# comment nettoyer /usr/local/bin



## cv21 (29 Novembre 2015)

Bonjour à tous,

En recherchant des solutions ffmpeg, python et compagnie je viens de voir via le terminal que /usr/local/bin est un peu fouillis.
Exemples, ça sent le doublon:
pydoc3, pydoc3.5,python3-32,python3.5m,pip, pip2,pip2.7,pip3,pip3.5...idle3, idle3.5.

Comment faire pour retirer ceux dont je suis sûr qu'ils sont inutiles sans oublier les dépendances?

Voilà ou j'en suis dans mes recherches : 
Pour voir à quoi cela correspondent:
-whatis me permet de voir le descriptif 
(par exemple ffmpeg - ffmpeg video converter, malheureusement il n'y a pas toujours un descriptif clair)

Pour désinstaller les packages en revanche, je rame d'ou cette question.
-pour linux : dpkg -r  truc (pour Debian), rpm -e truc (redhat)  et pour osx capitan ?

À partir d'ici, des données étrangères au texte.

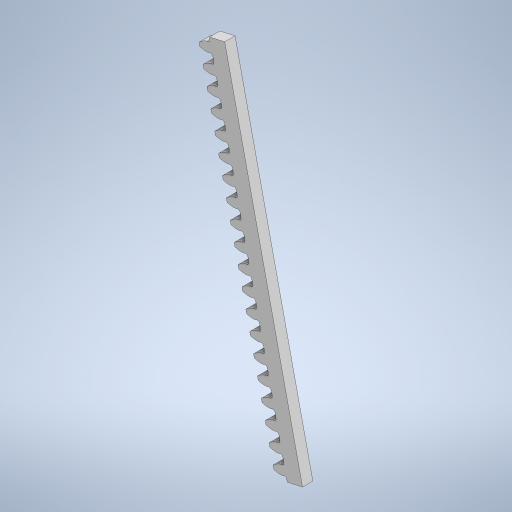
# Autodesk Inventor part: 零件3
Saved by Autodesk Inventor 2024 (Build 280153000, 153)
## iProperties
Created: 2024-04-21
Part Number: 零件3
Material: 一般
Document SubType Name: Modeling
Designer: rumse
Density: 1 g/cm^3
Appearance: 預設
Author: rumse
Autodesk Inventor part; units mm, degrees
ref_plane "YZ Plane" through (0, 0, 0) normal (1, 0, 0) x (0, 1, 0)
ref_plane "XZ Plane" through (0, 0, 0) normal (0, 1, 0) x (-1, 0, 0)
ref_plane "XY Plane" through (0, 0, 0) normal (0, 0, 1) x (1, 0, 0)
sketch "草圖1" plane through (0, 0, 0) normal (0, 0, 1) x (1, 0, 0)
  arc A0 (-1.4025, 1.1427) -> (-1.6393, 1.2572) centre (-1.5806, 1.0765) ccw
  line L0 (-1.6393, 1.2572) -> (-1.77, 1.2147)
  arc A1 (-1.8256, 2.0877) -> (-1.6604, 2.2924) centre (-1.8498, 2.2762) ccw
  line L1 (-1.9619, 2.0703) -> (-1.8256, 2.0877)
  spline S0 degree 4 poles (-2.7034, 1.6326) (-2.669, 1.6638) (-2.6174, 1.7085) (-2.5492, 1.7636) (-2.4658, 1.825) (-2.402, 1.8686) (-2.3415, 1.9069) (-2.2847, 1.9402) (-2.2318, 1.9688) (-2.1831, 1.9929) (-2.1387, 2.013) (-2.099, 2.0294) (-2.0642, 2.0424) (-2.0343, 2.0523) (-2.0097, 2.0596) (-1.9862, 2.0657) (-1.9721, 2.0687) (-1.9637, 2.0701) (-1.9619, 2.0703) knots 0.046846 0.046846 0.046846 0.046846 0.046846 0.199152 0.275088 0.348442 0.419118 0.487011 0.551999 0.613947 0.672693 0.728051 0.779794 0.827641 0.871232 0.910072 0.943417 1 1 1 1 1
  arc A2 (-2.7034, 1.6326) -> (-2.6274, 1.2937) centre (2.6985, 2.6667) ccw
  spline S1 degree 4 poles (-1.77, 1.2147) (-1.7717, 1.2142) (-1.7799, 1.2118) (-1.7939, 1.2086) (-1.8178, 1.204) (-1.8431, 1.2001) (-1.8744, 1.1963) (-1.9114, 1.1932) (-1.9543, 1.191) (-2.003, 1.1902) (-2.0573, 1.1912) (-2.1174, 1.1945) (-2.183, 1.2003) (-2.254, 1.2091) (-2.3303, 1.2213) (-2.432, 1.2411) (-2.5172, 1.2618) (-2.583, 1.2802) (-2.6274, 1.2937) knots 0 0 0 0 0 0.056583 0.089928 0.128768 0.172359 0.220206 0.271949 0.327307 0.386053 0.448001 0.512989 0.580882 0.651558 0.724912 0.800848 0.953154 0.953154 0.953154 0.953154 0.953154
  arc A3 (-1.4025, 1.1427) -> (-1.3315, 0.9638) centre (2.6985, 2.6667) ccw
  arc A4 (-1.6727, 2.4846) -> (-1.6604, 2.2924) centre (2.6985, 2.6667) ccw
  arc A5 (-1.3166, 0.8839) -> (-1.3315, 0.9638) centre (-1.5065, 0.8898) ccw
  arc A6 (-1.6727, 2.4846) -> (-1.6934, 2.5631) centre (-1.8625, 2.4767) ccw
  line L2 (-1.3166, 0.8839) -> (0.147, 1.2123)
  line L3 (0.147, 1.2123) -> (-0.2297, 2.8915)
  line L4 (-0.2297, 2.8915) -> (-1.6934, 2.5631)
  point P0 (0, 0)
  constraints: 14 centre point, 14 point on circle, 10 end point, 8 other
extrude "擠出1" add sketch "草圖1" along normal blind 1
pattern_linear "矩形陣列1" count 20 spacing 1.721 along (-0.218927, 0.9757413, 0) of "擠出1"

Si par exemple, il est plus simple de désinstaller complètement pip et python pour ensuite les réinstaller de façon plus maitrisée cela me convient. Merci !


----------



## Deleted member 1099514 (29 Novembre 2015)

Salut

Je pense qu'il serait plus judicieux de tout désinstaller et réinstaller proprement.

@+


----------



## bompi (29 Novembre 2015)

Si tu as des choses installées dans */usr/local/bin*, elles sont venues par des paquetages que tu as installés qui ne viennent pas de chez Apple, ou alors par des programmes que tu as compilés toi-même ou installés avec, par exemple, Homebrew.

Il te faudrait donc déjà recenser ce que tu as installé et faire le tri.


----------



## Omby.Rakoto (30 Novembre 2015)

Je rejoins bompi, si tu as installé quelque chose (je parle d'un Os puis d'extension), il convient de savoir quoi puis de faire un tri pas après pas.
Sinon ben ... man rm et/ou man find ...


----------



## cv21 (1 Décembre 2015)

La réponse est tardive : merci à vous trois pour vos suggestions qui ne tombent pas forcement sous le sens dans mon cas !

Effectivement, à "jouer" du terminal sans maitriser, j'ai fini par vraiment ne plus rien comprendre.
Donc, si je résume avec mes mots j'ai 2 "gestionnaires de packages" : homebrew et pip.

Côté homebrew, je suis "satisfait" car les installations correspondent à mes attentes. Seul un warning sur python devrait être résolu une fois le ménage fait. Côté pip, ben justement, j'ai fait n'importe quoi: du pip, pip2, pip2.7, pip3, pip3.5.

Si ça peut aider d'autres qui lisent ce post (en ouvrant le terminal) :
'brew list'  et 'pip list'  permettent de lister les contenus installés.
'brew doctor' et ses 'warning' m'ont permis de faire des mises à jour et constater que je ne sais pas où sont "mes pythons" )

Grâce à vos conseils, je suis parti dans la direction de garder un pip et homebrew.
Les commandes saisies:
pip3.5 list     (pour afficher les éléments, 2 dans mon cas, alors que pip pip2 en compte une quinzaine...)
pip3.5 uninstall LeNomElement     (fois 2)
puis une fois qu'il n'y a plus rien
rm pip3.5
et hop ! celui-ci a disparu. 

Je ne vais pas tous les faire au moment ou j'écris ce message, cependant cela semble la bonne voie, merci à vous encore une fois !


----------